Lanthanum perchlorate
- Names: Other names Lanthanum(III) perchlorate

Identifiers
- CAS Number: 14017-46-0; 14692-25-2 octahydrate;

Properties
- Chemical formula: La(ClO_{4})_{3}
- Molar mass: 437.26 g/mol
- Appearance: Colorless crystalline solid (hydrates)
- Solubility in water: Very soluble in water

Structure
- Crystal structure: Hexagonal (anhydrous)
- Space group: P6_{3}/m, No. 176
- Formula units (Z): 2

= Lanthanum perchlorate =

Lanthanum perchlorate is an inorganic compound of lanthanum and the perchlorate ion, with the chemical formula La(ClO_{4})_{3}. It is known in anhydrous form and as hydrated salts, including the octahydrate. The anhydrous compound crystallizes in the hexagonal structure adopted by many of the lighter rare-earth perchlorates.

== Preparation ==
Hydrated lanthanum perchlorate can be prepared by dissolving lanthanum(III) oxide, lanthanum hydroxide or lanthanum carbonate in perchloric acid:

La_{2}O_{3} + 6 HClO_{4} → 2 La(ClO_{4})_{3} + 3 H_{2}O

Anhydrous La(ClO_{4})_{3} has been obtained by dehydrating the products formed by evaporation of solutions of La_{2}O_{3} in approximately 70% perchloric acid.

== Properties ==
=== Anhydrous structure ===
Anhydrous La(ClO_{4})_{3} crystallizes in the hexagonal crystal system, space group P6_{3}/m (No. 176), with two formula units per unit cell.

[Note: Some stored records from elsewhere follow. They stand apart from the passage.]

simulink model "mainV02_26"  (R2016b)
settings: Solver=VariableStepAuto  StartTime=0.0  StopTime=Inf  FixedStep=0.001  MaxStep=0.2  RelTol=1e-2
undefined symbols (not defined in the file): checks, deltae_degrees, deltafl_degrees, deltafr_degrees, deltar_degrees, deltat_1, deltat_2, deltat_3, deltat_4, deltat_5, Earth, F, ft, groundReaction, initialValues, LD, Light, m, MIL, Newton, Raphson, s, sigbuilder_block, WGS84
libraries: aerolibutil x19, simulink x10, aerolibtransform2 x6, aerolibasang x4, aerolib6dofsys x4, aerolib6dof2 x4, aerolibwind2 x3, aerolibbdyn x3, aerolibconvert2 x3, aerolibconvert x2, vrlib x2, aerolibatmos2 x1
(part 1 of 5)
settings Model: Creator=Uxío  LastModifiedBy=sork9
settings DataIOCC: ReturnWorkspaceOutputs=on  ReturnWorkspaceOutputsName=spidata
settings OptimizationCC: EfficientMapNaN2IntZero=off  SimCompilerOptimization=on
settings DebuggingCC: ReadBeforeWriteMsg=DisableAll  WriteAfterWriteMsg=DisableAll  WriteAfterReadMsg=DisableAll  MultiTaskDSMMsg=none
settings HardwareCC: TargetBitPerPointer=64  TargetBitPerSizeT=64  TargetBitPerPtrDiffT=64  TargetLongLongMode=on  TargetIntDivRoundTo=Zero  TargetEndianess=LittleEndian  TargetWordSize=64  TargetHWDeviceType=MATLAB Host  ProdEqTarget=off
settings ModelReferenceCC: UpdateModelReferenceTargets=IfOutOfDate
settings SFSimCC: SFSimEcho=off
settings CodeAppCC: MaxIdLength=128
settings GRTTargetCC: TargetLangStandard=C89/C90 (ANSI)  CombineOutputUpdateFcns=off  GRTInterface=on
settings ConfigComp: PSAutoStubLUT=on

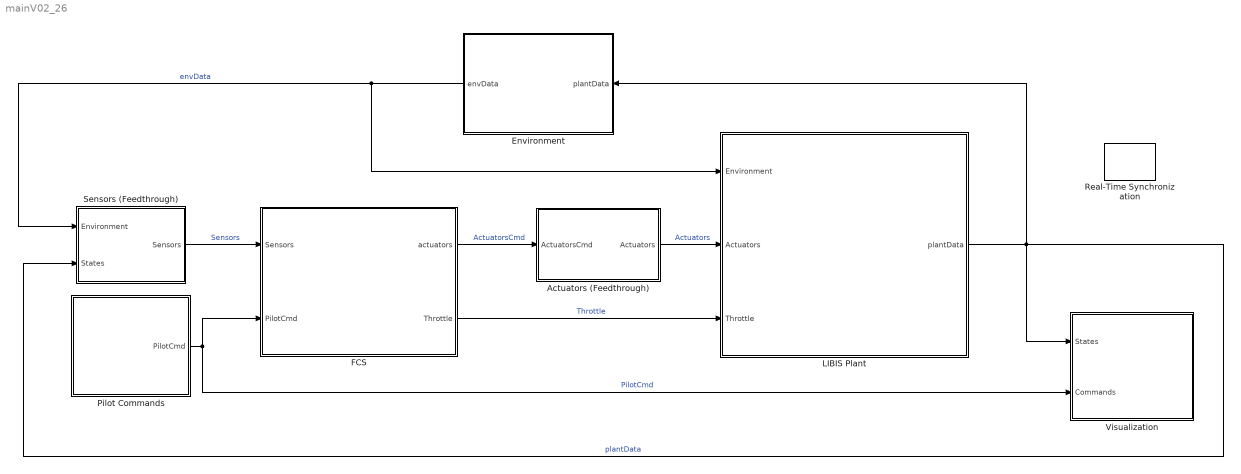
== system mainV02_26 ==
  Actuators (Feedthrough) : Subsystem
  Environment : Subsystem
      mask Display:
      | imageName='Wind.png';
      | currentPath=get_param(bdroot, 'FileName');
      | positions=strfind(currentPath,'\');
      | imagePath=strcat(currentPath(1:positions(end-1)),'graphics\',imageName);
      | image(imagePath);
  FCS : Subsystem
      mask Display:
      | imageName='FCS.png';
      | currentPath=get_param(bdroot, 'FileName');
      | positions=strfind(currentPath,'\');
      | imagePath=strcat(currentPath(1:positions(end-1)),'graphics\',imageName);
      | image(imagePath);
  LIBIS Plant : Subsystem
      mask Display:
      | imageName='LIBIS_Plant.jpg';
      | currentPath=get_param(bdroot, 'FileName');
      | positions=strfind(currentPath,'\');
      | imagePath=strcat(currentPath(1:positions(end-1)),'graphics\',imageName);
      | image(imagePath);
  Pilot Commands : Subsystem  VariantControl=Variants.Command==0
      mask Display:
      | imageName='Pilot.png';
      | currentPath=get_param(bdroot, 'FileName');
      | positions=strfind(currentPath,'\');
      | imagePath=strcat(currentPath(1:positions(end-1)),'graphics\',imageName);
      | image(imagePath);
  Real-Time Synchronization : sldrtlib/Real-Time Synchronization  SampleTime=0.1  MaxMissedTicks=25  ShowMissedTicks=off  YieldWhenWaiting=off
  Sensors (Feedthrough) : Subsystem
  Visualization : Subsystem
  wires:
  FCS/2(Throttle) -> LIBIS Plant/3(Throttle)  "Throttle"
  LIBIS Plant/1(plantData) -> Sensors (Feedthrough)/2(States), Visualization/1(States), Environment/1(plantData)  "plantData"
  Pilot Commands/1(PilotCmd) -> FCS/2(PilotCmd), Visualization/2(Commands)  "PilotCmd"
  Sensors (Feedthrough)/1(Sensors) -> FCS/1(Sensors)  "Sensors"
  Environment/1(envData) -> Sensors (Feedthrough)/1(Environment), LIBIS Plant/1(Environment)  "envData"
  FCS/1(actuators) -> Actuators (Feedthrough)/1(ActuatorsCmd)  "ActuatorsCmd"
  Actuators (Feedthrough)/1(Actuators) -> LIBIS Plant/2(Actuators)  "Actuators"

== system mainV02_26/Actuators (Feedthrough) ==
  ActuatorsCmd : Inport
  Actuators : Outport
  wires:
  ActuatorsCmd/1 -> Actuators/1

== system mainV02_26/Environment ==
  plantData : Inport  OutDataTypeStr=Bus: plantDataBus
  Bus Selector : BusSelector  OutputSignals=LLA.Altitude_m,X_ned,V_ned,Omega_body,CG,DCM_body_earth,LLA.Latitude_deg
  COESA Atmosphere Model : aerolibatmos2/COESA Atmosphere Model  units=Metric (MKS)  spec=1976 COESA-extended U.S. Standard Atmosphere  model=Profile  profile_var=High temperature  profile_percent=1%  profile_alt=5 km (16404 ft)  envelope_var=High temperature  envelope_percent=1%  action=None
  Gravity in Earth Axes : Gain  Gain=[0 0 LD.Inertia.mass]  SaturateOnIntegerOverflow=on  OutDataTypeStr=Inherit: Same as input  ParamDataTypeStr=Inherit: Same as input
  IC : InitialCondition  Value=[0 0 0]
  Math Function : Math  Operator=transpose  SaturateOnIntegerOverflow=on
  Reshape : Reshape
  Reshape1 : Reshape
  Reshape2 : Reshape
  Terrain : Subsystem
  To Body Axes : Product  Multiplication=Matrix(*)  SaturateOnIntegerOverflow=on  InputSameDT=on  OutDataTypeStr=Inherit: Same as first input
  WGS84 Gravity Model : aerolibobsolete/WGS84 Gravity Model  model=WGS84 Taylor Series  units=Metric (MKS)  no_atmos=on  precessing=on  month=February  day=1  year=2000  no_centrifugal=on  action=None
  Wind Models : Subsystem
  envDataBus : BusCreator  Inputs='h_ground','Fground','Mground','windVelocity','windOmega','T','a','P','AirDensity','Fgravity'  OutDataTypeStr=Bus: envDataBus  NonVirtualBus=on
  envData : Outport  OutDataTypeStr=Bus: envDataBus  InitialOutput=0
  wires:
  [Altitude] -> COESA Atmosphere Model/1
  Bus Selector/6 -> To Body Axes/1, Wind Models/3(DCM_be), Terrain/4(DCM_body_earth)  "<DCM_body_earth>"
  Bus Selector/7 -> WGS84 Gravity Model/2  "<Latitude_deg>"
  Bus Selector/3 -> Terrain/2(Ve), Wind Models/1(Ve)  "<V_ned>"
  [Altitude] -> WGS84 Gravity Model/1
  envDataBus/1 -> envData/1  "envData"
  To Body Axes/1 -> Reshape/1  "Fg"
  Wind Models/2(windOmega) -> envDataBus/5  "windOmega"
  Bus Selector/2 -> Terrain/1(Xe)  "<X_ned>"
  WGS84 Gravity Model/1 -> Gravity in Earth Axes/1
  COESA Atmosphere Model/3 -> envDataBus/8  "P"
  COESA Atmosphere Model/2 -> envDataBus/7  "a"
  Wind Models/1(windVelocity) -> envDataBus/4  "windVelocity"
  [Altitude] -> Wind Models/2(Altitude)
  COESA Atmosphere Model/1 -> envDataBus/6  "T"
  COESA Atmosphere Model/4 -> envDataBus/9  "AirDensity"
  Terrain/1(hground) -> envDataBus/1  "h_ground"
  Bus Selector/1 -> [Altitude]  "<Altitude_m>"
  Gravity in Earth Axes/1 -> Math Function/1
  Math Function/1 -> To Body Axes/2
  Reshape/1 -> envDataBus/10  "Fgravity"
  Reshape1/1 -> envDataBus/2  "Fground"
  plantData/1 -> Bus Selector/1
  Bus Selector/5 -> Terrain/5("CG ")  "<CG>"
  Reshape2/1 -> envDataBus/3  "Mground"
  Bus Selector/4 -> Terrain/3("Omega_body ")  "<Omega_body>"
  Terrain/2(Fground) -> IC/1
  Terrain/3(Mground) -> Reshape2/1
  IC/1 -> Reshape1/1

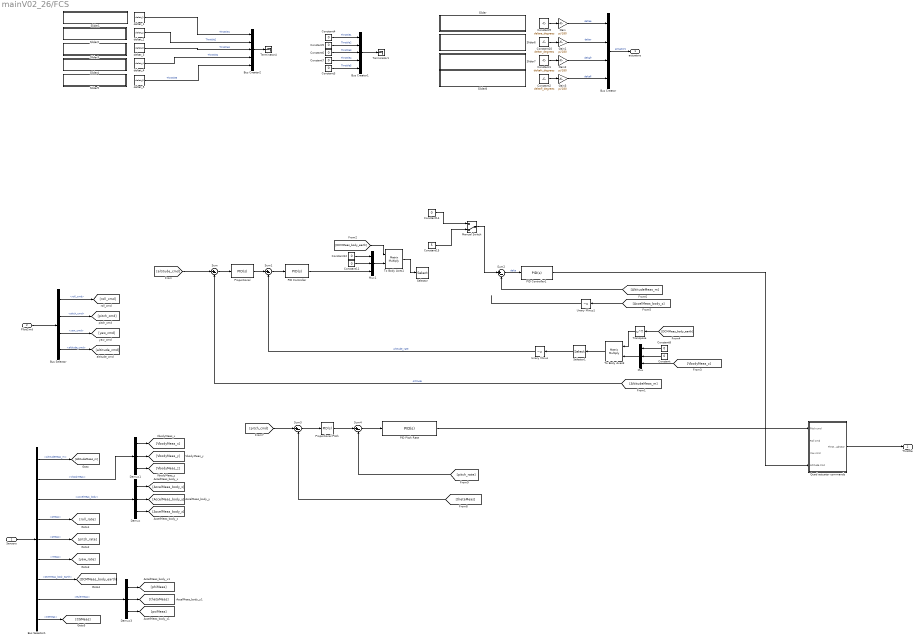
== system mainV02_26/FCS ==
  Sensors : Inport  OutDataTypeStr=Bus: SensorsBus
  PilotCmd : Inport  Port=2  OutDataTypeStr=Bus: CommandBus
  Bus Creator : BusCreator  Inputs=4
  Bus Creator1 : BusCreator  Inputs=5
  Bus Creator2 : BusCreator  Inputs=5
  Bus Selector : BusSelector  OutputSignals=roll_cmd,pitch_cmd,yaw_cmd,altitude_cmd
  Bus Selector1 : BusSelector  OutputSignals=LLAMeas.AltitudeMeas_m,VbodyMeas,AccelMeas_body,OmegaMeas_body.pMeas,OmegaMeas_body.qMeas,OmegaMeas_body.rMeas,DCMMeas_body_earth,EulerMeas,CGMeas
  Constant{,3..8,11..12,14} (10 alike) : Constant  Value=0
  Constant1 : Constant  Value=deltafr_degrees
  Constant10 : Constant  Value=deltar_degrees
  Constant15 : Constant  Value=5
  Constant2 : Constant  Value=deltafl_degrees
  Constant9 : Constant  Value=deltae_degrees
  Demux : Demux  Outputs=3
  Demux1 : Demux  Outputs=3
  Demux3 : Demux  Outputs=3
  Gain{,1..3} (4 alike) : Gain  Gain=pi/180
  Manual Switch : ManualSwitch  CurrentSetting=0
  Mux : Mux  Inputs=3
  Mux1 : Mux  Inputs=3
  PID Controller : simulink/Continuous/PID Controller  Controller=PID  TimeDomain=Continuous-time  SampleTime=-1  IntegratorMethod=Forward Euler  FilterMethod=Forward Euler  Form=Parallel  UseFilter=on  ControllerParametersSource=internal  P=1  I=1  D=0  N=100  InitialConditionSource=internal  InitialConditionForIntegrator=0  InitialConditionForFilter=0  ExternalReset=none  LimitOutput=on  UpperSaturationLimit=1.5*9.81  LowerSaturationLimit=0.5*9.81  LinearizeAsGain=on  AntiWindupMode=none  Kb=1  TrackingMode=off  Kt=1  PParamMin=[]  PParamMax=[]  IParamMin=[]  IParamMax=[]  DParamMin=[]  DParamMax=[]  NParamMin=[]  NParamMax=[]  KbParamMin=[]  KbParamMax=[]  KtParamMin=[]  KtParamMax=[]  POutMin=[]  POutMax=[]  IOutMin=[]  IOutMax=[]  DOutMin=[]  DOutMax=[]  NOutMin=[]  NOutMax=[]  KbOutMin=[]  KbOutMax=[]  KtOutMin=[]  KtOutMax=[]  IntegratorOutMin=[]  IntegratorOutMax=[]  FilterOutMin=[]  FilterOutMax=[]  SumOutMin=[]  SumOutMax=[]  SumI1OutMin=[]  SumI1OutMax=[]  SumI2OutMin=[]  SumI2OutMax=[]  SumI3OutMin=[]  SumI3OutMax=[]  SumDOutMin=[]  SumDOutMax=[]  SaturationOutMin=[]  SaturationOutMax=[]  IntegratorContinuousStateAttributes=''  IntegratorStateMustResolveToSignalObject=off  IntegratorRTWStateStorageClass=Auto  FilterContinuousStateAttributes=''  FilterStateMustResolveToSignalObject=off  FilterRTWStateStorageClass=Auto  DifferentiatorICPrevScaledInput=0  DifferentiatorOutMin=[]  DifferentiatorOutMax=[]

It is the largest-cell member of the hexagonal lanthanide-perchlorate series. Across the series from La to the later lanthanides, the lattice parameters decrease progressively as a result of the lanthanide contraction.

Lanthanum is nine-coordinate in the anhydrous structure. The LaO_{9} coordination environment is formed by oxygen atoms from perchlorate groups, which act as tridentate ligands and connect the metal centres into a three-dimensional framework containing channels.

The structure is related to the UCl_{3} structure type.

=== Hydrates ===
Lanthanum perchlorate readily forms hydrates on crystallization from aqueous solution. The octahydrate, La(ClO_{4})_{3}·8H_{2}O, is a commonly reported form.

More highly and less highly hydrated rare-earth perchlorates can form depending on temperature, concentration and drying conditions.

=== Aqueous solution ===
In dilute aqueous lanthanum perchlorate, La^{3+} is present predominantly as the nona-aqua ion [La(H_{2}O)_{9}]^{3+}.

The first hydration shell has a tricapped trigonal-prismatic arrangement of nine water molecules. Perchlorate behaves mainly as a weakly coordinating counterion in dilute solution.

At higher La(ClO_{4})_{3} concentrations, outer-sphere and contact ion pairs increasingly form between La^{3+} and ClO_{4}^{−}.

== Coordination chemistry ==
Lanthanum perchlorate is used as a soluble source of La^{3+} in coordination chemistry, particularly when a weakly coordinating counterion is desirable.

The salt is used in the preparation of lanthanum complexes with crown ethers, macrocycles and other oxygen- or nitrogen-donor ligands.

== Safety ==
Lanthanum perchlorate is an oxidizing perchlorate salt and should be kept away from combustible and strongly reducing materials.